> **Task prompt**:
Below are some records; output exactly the lines from the line with "line L70 (108.5, 22) -> (108.2, 21.7)" to the line with "line L83 (101.8, 21.7) -> (101.8, 19)", both ends kept, and nothing more.

> **Supplied material**:
++++

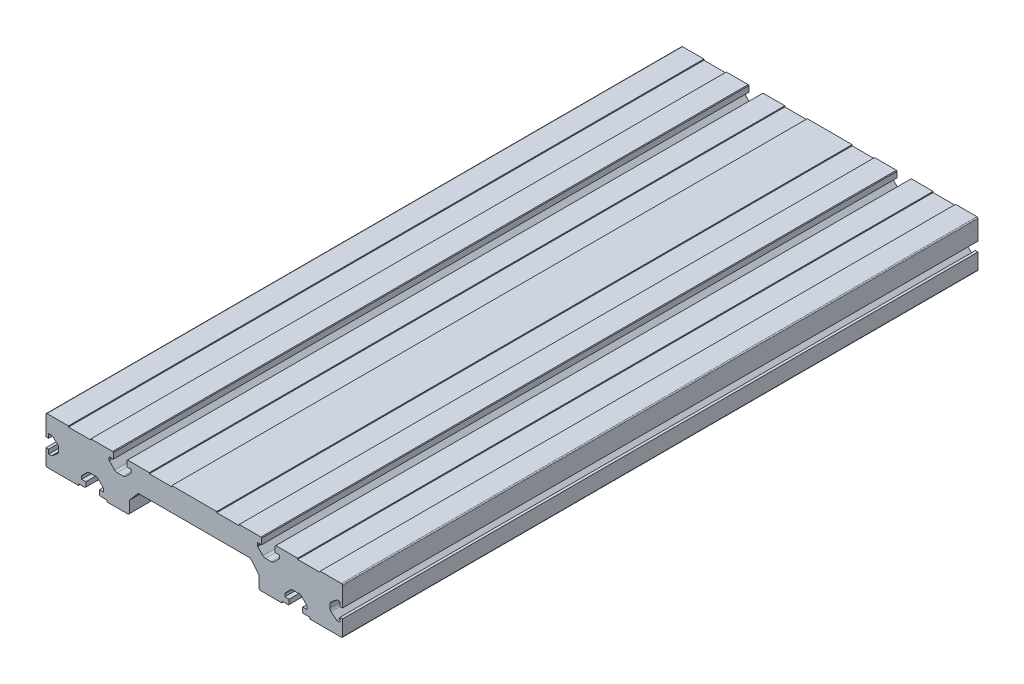
SolidWorks part; units mm, degrees
ref_plane "Ön Düzlem" through (0, 0, 0) normal (0, 0, 1) x (1, 0, 0)
ref_plane "Üst Düzlem" through (0, 0, 0) normal (0, 1, 0) x (1, 0, 0)
ref_plane "Sağ Düzlem" through (0, 0, 0) normal (1, 0, 0) x (0, 0, -1)
sketch "Çizim1" plane through (0, 0, 0) normal (0, 0, 1) x (1, 0, 0)
  line L0 (-2.1019, 10.8881) -> (127.5, 10.8881) construction
  line L1 (0.5, 0) -> (15.3, 0)
  line L2 (0, 0.5) -> (0, 7.8)
  line L3 (0.5, 22) -> (10.6, 22)
  line L4 (48.8, 22) -> (48.8, 21.5)
  line L5 (70, 22) -> (70, -0.381) construction
  line L6 (0, 12.2417) -> (1.25, 12.2417)
  line L7 (1.25, 12.2417) -> (1.25, 14.2417)
  line L8 (1.25, 14.2417) -> (2.568, 14.2417)
  line L9 (2.8894, 14.1247) -> (5.3749, 12.0391)
  line L10 (6, 10.6985) -> (6, 9.3431)
  line L11 (0, 12.2417) -> (0, 21.5)
  line L12 (2.568, 5.8) -> (1.25, 5.8)
  line L13 (1.25, 5.8) -> (1.25, 7.8)
  line L14 (1.25, 7.8) -> (0, 7.8)
  line L15 (22, 0.25) -> (22, 21.5) construction
  line L16 (5.3749, 8.0025) -> (2.8894, 5.917)
  line L17 (15.3, 0) -> (15.3, 0.75)
  line L18 (15.3, 0.75) -> (18.5, 0.75)
  line L19 (18.8, 1.05) -> (18.8, 3.25)
  line L20 (18.8, 3.25) -> (16.8, 3.25)
  line L21 (16.8, 3.25) -> (16.8, 4.5429)
  line L22 (16.9464, 4.8964) -> (19.4018, 7.3518)
  line L23 (20.6393, 7.8644) -> (23.3607, 7.8644)
  line L24 (28.7, 0) -> (28.7, 0.75)
  line L25 (28.7, 0.75) -> (25.5, 0.75)
  line L26 (25.2, 1.05) -> (25.2, 3.25)
  line L27 (25.2, 3.25) -> (27.2, 3.25)
  line L28 (27.2, 3.25) -> (27.2, 4.5429)
  line L29 (27.0536, 4.8964) -> (24.5982, 7.3518)
  line L30 (28.7, 0) -> (38.8823, 0)
  line L31 (35, 14.3856) -> (35, 29.0582) construction
  line L32 (38.5, 22) -> (48.8, 22)
  line L33 (38.2, 21.7) -> (38.2, 19)
  line L34 (48.8, 21.5) -> (59.4, 21.5)
  line L35 (10.6, 22) -> (10.6, 21.5)
  line L36 (21.2, 22) -> (21.2, 21.5)
  line L37 (31.8, 21.7) -> (31.8, 19)
  line L38 (10.6, 21.5) -> (21.2, 21.5)
  line L39 (21.2, 22) -> (31.5, 22)
  line L40 (39.4823, 6.1) -> (39.4823, 22) construction
  line L41 (39.4823, 0.6) -> (39.4823, 6.1)
  line L42 (39.4823, 6.1) -> (43.5, 10.8881)
  line L43 (43.5, 10.8881) -> (96.5, 10.8881)
  line L44 (59.4, 22) -> (59.4, 21.5)
  line L45 (40.0536, 17.3536) -> (37.5982, 14.8982)
  line L46 (40.2, 19) -> (40.2, 17.7071)
  line L47 (38.2, 19) -> (40.2, 19)
  line L48 (59.4, 22) -> (80.6, 22)
  line L49 (31.5, 22) -> (31.8, 21.7)
  line L50 (33.6393, 14.3856) -> (36.3607, 14.3856)
  line L51 (29.9464, 17.3536) -> (32.4018, 14.8982)
  line L52 (29.8, 19) -> (29.8, 17.7071)
  line L53 (31.8, 19) -> (29.8, 19)
  line L54 (38.2, 21.7) -> (38.5, 22)
  line L55 (25.5, 0.75) -> (25.2, 1.05)
  line L56 (18.5, 0.75) -> (18.8, 1.05)
  line L57 (38.8823, 0) -> (39.4823, 0.6)
  line L58 (100.5177, 6.1) -> (100.5177, 22) construction
  line L59 (105, 14.3856) -> (105, 29.0582) construction
  line L60 (118, 0.25) -> (118, 21.5) construction
  line L61 (142.1019, 10.8881) -> (12.5, 10.8881) construction
  line L62 (101.1177, 0) -> (100.5177, 0.6)
  line L63 (121.5, 0.75) -> (121.2, 1.05)
  line L64 (114.5, 0.75) -> (114.8, 1.05)
  line L65 (101.8, 21.7) -> (101.5, 22)
  line L66 (108.2, 19) -> (110.2, 19)
  line L67 (110.2, 19) -> (110.2, 17.7071)
  line L68 (110.0536, 17.3536) -> (107.5982, 14.8982)
  line L69 (106.3607, 14.3856) -> (103.6393, 14.3856)
  line L70 (108.5, 22) -> (108.2, 21.7)
  line L71 (101.8, 19) -> (99.8, 19)
  line L72 (99.8, 19) -> (99.8, 17.7071)
  line L73 (99.9464, 17.3536) -> (102.4018, 14.8982)
  line L74 (80.6, 22) -> (80.6, 21.5)
  line L75 (100.5177, 6.1) -> (96.5, 10.8881)
  line L76 (100.5177, 0.6) -> (100.5177, 6.1)
  line L77 (118.8, 22) -> (108.5, 22)
  line L78 (129.4, 21.5) -> (118.8, 21.5)
  line L79 (108.2, 21.7) -> (108.2, 19)
  line L80 (118.8, 22) -> (118.8, 21.5)
  line L81 (129.4, 22) -> (129.4, 21.5)
  line L82 (91.2, 21.5) -> (80.6, 21.5)
  line L83 (101.8, 21.7) -> (101.8, 19)
  line L84 (101.5, 22) -> (91.2, 22)
  line L85 (111.3, 0) -> (101.1177, 0)
  line L86 (112.9464, 4.8964) -> (115.4018, 7.3518)
  line L87 (112.8, 3.25) -> (112.8, 4.5429)
  line L88 (114.8, 3.25) -> (112.8, 3.25)
  line L89 (114.8, 1.05) -> (114.8, 3.25)
  line L90 (111.3, 0.75) -> (114.5, 0.75)
  line L91 (111.3, 0) -> (111.3, 0.75)
  line L92 (119.3607, 7.8644) -> (116.6393, 7.8644)
  line L93 (123.0536, 4.8964) -> (120.5982, 7.3518)
  line L94 (123.2, 3.25) -> (123.2, 4.5429)
  line L95 (121.2, 3.25) -> (123.2, 3.25)
  line L96 (121.2, 1.05) -> (121.2, 3.25)
  line L97 (124.7, 0.75) -> (121.5, 0.75)
  line L98 (124.7, 0) -> (124.7, 0.75)
  line L99 (134.6251, 8.0025) -> (137.1106, 5.917)
  line L100 (138.75, 7.8) -> (140, 7.8)
  line L101 (138.75, 5.8) -> (138.75, 7.8)
  line L102 (137.432, 5.8) -> (138.75, 5.8)
  line L103 (140, 12.2417) -> (140, 21.5)
  line L104 (134, 10.6985) -> (134, 9.3431)
  line L105 (137.1106, 14.1247) -> (134.6251, 12.0391)
  line L106 (138.75, 14.2417) -> (137.432, 14.2417)
  line L107 (138.75, 12.2417) -> (138.75, 14.2417)
  line L108 (140, 12.2417) -> (138.75, 12.2417)
  line L109 (91.2, 22) -> (91.2, 21.5)
  line L110 (139.5, 22) -> (129.4, 22)
  line L111 (140, 0.5) -> (140, 7.8)
  line L112 (139.5, 0) -> (124.7, 0)
  line L113 (35, 14.3856) -> (35, -19.5934) construction
  line L114 (105, 14.3856) -> (105, -20.589) construction
  arc A0 (6, 9.3431) -> (5.3749, 8.0025) centre (4.25, 9.3431) cw
  arc A1 (6, 10.6985) -> (5.3749, 12.0391) centre (4.25, 10.6985) ccw
  arc A2 (0.5, 0) -> (0, 0.5) centre (0.5, 0.5) cw
  arc A3 (0, 21.5) -> (0.5, 22) centre (0.5, 21.5) cw
  arc A4 (2.8894, 5.917) -> (2.568, 5.8) centre (2.568, 6.3) cw
  arc A5 (2.568, 14.2417) -> (2.8894, 14.1247) centre (2.568, 13.7417) cw
  arc A6 (24.5982, 7.3518) -> (23.3607, 7.8644) centre (23.3607, 6.1144) ccw
  arc A7 (19.4018, 7.3518) -> (20.6393, 7.8644) centre (20.6393, 6.1144) cw
  arc A8 (27.2, 4.5429) -> (27.0536, 4.8964) centre (26.7, 4.5429) ccw
  arc A9 (16.8, 4.5429) -> (16.9464, 4.8964) centre (17.3, 4.5429) cw
  arc A10 (102.4018, 14.8982) -> (103.6393, 14.3856) centre (103.6393, 16.1356) ccw
  arc A11 (107.5982, 14.8982) -> (106.3607, 14.3856) centre (106.3607, 16.1356) cw
  arc A12 (99.8, 17.7071) -> (99.9464, 17.3536) centre (101.3041, 18.123) ccw
  arc A13 (110.2, 17.7071) -> (110.0536, 17.3536) centre (109.7, 17.7071) cw
  arc A14 (29.8, 17.7071) -> (29.9464, 17.3536) centre (30.3, 17.7071) ccw
  arc A15 (40.2, 17.7071) -> (40.0536, 17.3536) centre (38.6959, 18.123) cw
  arc A16 (32.4018, 14.8982) -> (33.6393, 14.3856) centre (33.6393, 16.1356) ccw
  arc A17 (37.5982, 14.8982) -> (36.3607, 14.3856) centre (36.3607, 16.1356) cw
  arc A18 (123.2, 4.5429) -> (123.0536, 4.8964) centre (122.7, 4.5429) ccw
  arc A19 (112.8, 4.5429) -> (112.9464, 4.8964) centre (113.3, 4.5429) cw
  arc A20 (120.5982, 7.3518) -> (119.3607, 7.8644) centre (119.3607, 6.1144) ccw
  arc A21 (115.4018, 7.3518) -> (116.6393, 7.8644) centre (116.6393, 6.1144) cw
  arc A22 (137.432, 14.2417) -> (137.1106, 14.1247) centre (137.432, 13.7417) ccw
  arc A23 (137.1106, 5.917) -> (137.432, 5.8) centre (137.432, 6.3) ccw
  arc A24 (140, 21.5) -> (139.5, 22) centre (139.5, 21.5) ccw
  arc A25 (139.5, 0) -> (140, 0.5) centre (139.5, 0.5) ccw
  arc A26 (134, 10.6985) -> (134.6251, 12.0391) centre (135.75, 10.6985) cw
  arc A27 (134, 9.3431) -> (134.6251, 8.0025) centre (135.75, 9.3431) ccw
  point P25 (0, 0)
  point P28 (0, 22)
  point P31 (2.75, 5.8)
  point P34 (2.75, 14.2417)
  point P40 (18.8, 0.75)
  point P47 (25.2, 0.75)
  point P52 (22, 10.8881)
  point P54 (27.1353, 10.8881)
  point P57 (16.8647, 10.8881)
  point P60 (27.2, 4.75)
  point P63 (16.8, 4.75)
  point P73 (38.2, 22)
  point P74 (31.8, 22)
  point P75 (39.4823, 0)
  point P172 (70, 10.8881)
  point P192 (100.5177, 0)
  point P193 (108.2, 22)
  point P194 (101.8, 22)
  point P195 (123.2, 4.75)
  point P196 (112.8, 4.75)
  point P197 (123.1353, 10.8881)
  point P198 (112.8647, 10.8881)
  point P199 (118, 10.8881)
  point P200 (114.8, 0.75)
  point P201 (121.2, 0.75)
  point P202 (137.25, 14.2417)
  point P203 (137.25, 5.8)
  point P204 (140, 22)
  point P205 (140, 0)
  dimension "D9" = 1.75
  dimension "D13" = 1.75
  dimension "D14" = 0.5
  dimension "D15" = 0.5
  dimension "D25" = 1.75
  dimension "D26" = 0.5
  dimension "D28" = 70
  dimension "D34" = 10.6
  dimension "D35" = 140
  dimension "D37" = 5.5
  dimension "D42" = 2
  dimension "D3" = 6
  dimension "D4" = 140
  dimension "D5" = 1.25
  dimension "D6" = 1.25
  dimension "D7" = 2
  dimension "D8" = 2
  dimension "D10" = 2.5
  dimension "D11" = 1.5
  dimension "D12" = 1.5
  dimension "D16" = 140
  dimension "D17" = 22
  dimension "D18" = 0.75
  dimension "D19" = 3.5
  dimension "D20" = 2.5
  dimension "D21" = 2
  dimension "D22" = 1.5
  dimension "D23" = 45
  dimension "D24" = 3.2
  dimension "D27" = 45
  dimension "D29" = 3
  dimension "D30" = 0.5
  dimension "D31" = 10.6
  dimension "D32" = 6.4
  dimension "D33" = 10.6
  dimension "D36" = 26.5
  dimension "D38" = 22
  dimension "D39" = 35
  dimension "D40" = 0.5
  dimension "D41" = 10.6
  dimension "D43" = 2
  dimension "D44" = 10.6
extrude "Yükseklik-Ekstrüzyon1" add sketch "Çizim1" along normal blind 300 contours L37 L53 L52 A14 L51 A16 L50 A17 L45 A15 L46 L47 L33 L54 L32 L4 L34 L44 L48 L74 L82 L109 L84 L65 L83 L71 L72 A12 L73 A10 L69 A11 L68 A13 L67 L66 L79 L70 L77 L80 L78 L81 L110 A24 L103 L108 L107 L106 A22 L105 A26 L104 A27 L99 A23 L102 L101 L100 L111 A25 L112 L98 L97 L63 L96 L95 L94 A18 L93 A20 L92 A21 L86 A19 L87 L88 L89 L64 L90 L91 L85 L62 L76 L75 L43 L42 L41 L57 L30 L24 L25 L55 L26 L27 L28 A8 L29 A6 L23 A7 L22 A9 L21 L20 L19 L56 L18 L17 L1 A2 L2 L14 L13 L12 A4 L16 A0 L10 A1 L9 A5 L8 L7 L6 L11 A3 L3 L35 L38 L36 L39 L49
sketch "Çizim2" plane through (0, 0.75, 0) normal (0, -1, 0) x (1, 0, 0)
  line L0 (22, 300) -> (22, 0) construction
  line L1 (20.6393, 300) -> (23.3607, 300) construction
  line L2 (20.6393, 0) -> (23.3607, 0) construction
  line L3 (118, 300) -> (118, 0) construction
  line L4 (119.3607, 300) -> (116.6393, 300) construction
  line L5 (119.3607, 0) -> (116.6393, 0) construction

++++

> **Answer area**:
  line L70 (108.5, 22) -> (108.2, 21.7)
  line L71 (101.8, 19) -> (99.8, 19)
  line L72 (99.8, 19) -> (99.8, 17.7071)
  line L73 (99.9464, 17.3536) -> (102.4018, 14.8982)
  line L74 (80.6, 22) -> (80.6, 21.5)
  line L75 (100.5177, 6.1) -> (96.5, 10.8881)
  line L76 (100.5177, 0.6) -> (100.5177, 6.1)
  line L77 (118.8, 22) -> (108.5, 22)
  line L78 (129.4, 21.5) -> (118.8, 21.5)
  line L79 (108.2, 21.7) -> (108.2, 19)
  line L80 (118.8, 22) -> (118.8, 21.5)
  line L81 (129.4, 22) -> (129.4, 21.5)
  line L82 (91.2, 21.5) -> (80.6, 21.5)
  line L83 (101.8, 21.7) -> (101.8, 19)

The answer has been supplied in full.